With superbugs—drug-resistant bacteria—poised to bring an end to the antibiotics revolution, researchers at the South Carolina-based HBCU Claflin University review the history and potential of a controversial, virus-based therapy that is getting a second look.
Think of superbugs as enemy soldiers that have mutated and can no longer be exterminated by even the best weapon in your arsenal. For decades, antibiotics have been our best weapons against deadly bacteria. Now, with the rise of superbugs—a popular term for antimicrobial-resistant bacteria—we’re in many ways back to square one.
Outbreaks of superbugs are on the rise. And that’s a huge problem, given how much society depends on antibiotics to fight or prevent diseases in humans, other animals, and plants. This year, in California alone, two medical facilities —UCLA’s Ronald Reagan Medical Center and LA’s Cedars-Sinai Medical Center had to notify more than 200 patients combined that may have been exposed to the drug-resistant bacterium carbapenem-resistant Enterobacteriaceae.
The superbug crisis is also a global one. Last year, the World Health Organization published a comprehensive report that called antimicrobial resistance “…a problem so serious that it threatens the achievements of modern medicine.” It even states that an era in which people die from the most common infections is “far from being an apocalyptic fantasy [and is] instead a very real possibility for the 21st Century.” Harvard Magazine framed the issue with its article, Superbug: An Epidemic Begins, as did PBS’s Frontline with its documentary, “Hunting the Nightmare Bacteria.”

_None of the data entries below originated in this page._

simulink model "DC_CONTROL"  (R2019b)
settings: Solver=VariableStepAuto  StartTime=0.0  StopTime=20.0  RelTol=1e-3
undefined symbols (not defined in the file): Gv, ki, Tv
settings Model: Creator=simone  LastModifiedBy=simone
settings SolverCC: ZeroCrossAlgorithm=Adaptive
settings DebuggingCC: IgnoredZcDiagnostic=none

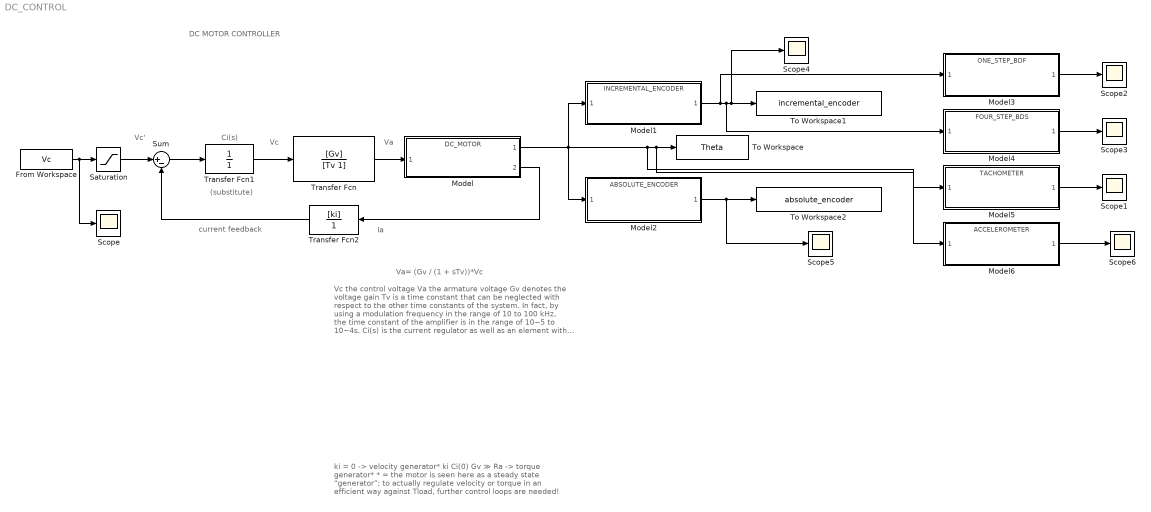
== system DC_CONTROL ==
  note: ki = 0 -> velocity generator*
      | ki Ci(0) Gv ≫ Ra -> torque generator*
      |
      | * = the motor is seen here as a steady state “generator”;
      | to actually regulate velocity or torque in an efficient way
      | against Tload, further control loops are needed!
  note: (substitute)
  note: current feedback
  note: Vc the control voltage
      |
      | Va the armature voltage
      |
      | Gv denotes the voltage gain
      |
      | Tv is a time constant that can be neglected with respect
      | to the other time constants of the system. In fact, by using
      | a modulation frequency in the range of 10 to 100 kHz,
      | the time constant of the amplifier is in the range of 10−5 to
      | 10−4s.
      |
      | Ci(s) is the current regulator as well as an element with a
      | nonlinear saturation characteristic. By means of a
      | suitable choice of the regulator Ci(s), the lag between
      | the current Ia and the voltage Vc′ can be reduced with
      | respect to the lag between Ia and Vc
      |
      | Vc′ the voltage plays the role of a current reference
      |
      | ki trasducer constant
  note: Va= (Gv / (1 + sTv))*Vc
  note: DC MOTOR CONTROLLER
  note: Ci(s)
  note: Vc'
  note: Va
  note: Vc
  note: Ia
  From Workspace : FromWorkspace  VariableName=Vc  SampleTime=0.01
  Model : ModelReference  ModelNameDialog=DC_MOTOR.slx  SimulationMode=Normal  ModelReferenceVersion=1.19
  Model1 : ModelReference  ModelNameDialog=INCREMENTAL_ENCODER.slx  SimulationMode=Normal  ModelReferenceVersion=1.21
  Model2 : ModelReference  ModelNameDialog=ABSOLUTE_ENCODER.slx  SimulationMode=Normal  ModelReferenceVersion=1.75
  Model3 : ModelReference  ModelNameDialog=ONE_STEP_BDF.slx  SimulationMode=Normal  ModelReferenceVersion=1.8
  Model4 : ModelReference  ModelNameDialog=FOUR_STEP_BDS.slx  SimulationMode=Normal  ModelReferenceVersion=1.3
  Model5 : ModelReference  ModelNameDialog=TACHOMETER.slx  SimulationMode=Normal  ModelReferenceVersion=1.9
  Model6 : ModelReference  ModelNameDialog=ACCELEROMETER.slx  SimulationMode=Normal  ModelReferenceVersion=1.4
  Saturation : Saturate  UpperLimit=1000  LowerLimit=-1000
  Scope{,1..6} (7 alike) : Scope
  Sum : Sum  Inputs=|+-
  To Workspace : ToWorkspace  VariableName=Theta  SaveFormat=Timeseries  SampleTime=-1
  To Workspace1 : ToWorkspace  VariableName=incremental_encoder  SaveFormat=Timeseries  SampleTime=-1
  To Workspace2 : ToWorkspace  VariableName=absolute_encoder  SaveFormat=Timeseries  SampleTime=-1
  Transfer Fcn : TransferFcn  Numerator=[Gv]  Denominator=[Tv 1]  ContinuousStateAttributes="\"\""
  Transfer Fcn1 : TransferFcn  Denominator=1  ContinuousStateAttributes="\""
  Transfer Fcn2 : TransferFcn  Numerator=[ki]  Denominator=[1]  ContinuousStateAttributes="\""
  wires:
  From Workspace/1 -> Scope/1, Saturation/1
  Saturation/1 -> Sum/1
  Transfer Fcn/1 -> Model/1
  Sum/1 -> Transfer Fcn1/1
  Transfer Fcn1/1 -> Transfer Fcn/1
  Model/2 -> Transfer Fcn2/1
  Transfer Fcn2/1 -> Sum/2
  Model2/1 -> Scope5/1, To Workspace2/1
  Model/1 -> Model1/1, Model6/1, Model5/1, To Workspace/1, Model2/1
  Model3/1 -> Scope2/1
  Model4/1 -> Scope3/1
  Model5/1 -> Scope1/1
  Model1/1 -> Model3/1, Model4/1, Scope4/1, To Workspace1/1
  Model6/1 -> Scope6/1

In a review article published last year, Zhabiz Golkar, Omar Bagasra, and Donald Gene Pace at HBCU Claflin University in Orangeburg, South Carolina discuss the history of a novel solution to superbug crisis: fighting bacteria with viruses. Bagasra is director of the South Carolina Center for Biotechnology, located at Claflin; Golkar is his postdoc; and Pace is a professor in the school of humanities and social science. Their paper, Bacteriophage therapy: a potential solution for the antibiotic resistance crisis, presents some startling statistics that support the need for antibiotic alternatives. For example, superbug-related illnesses and deaths add $20 billion annually in costs to the US health care system.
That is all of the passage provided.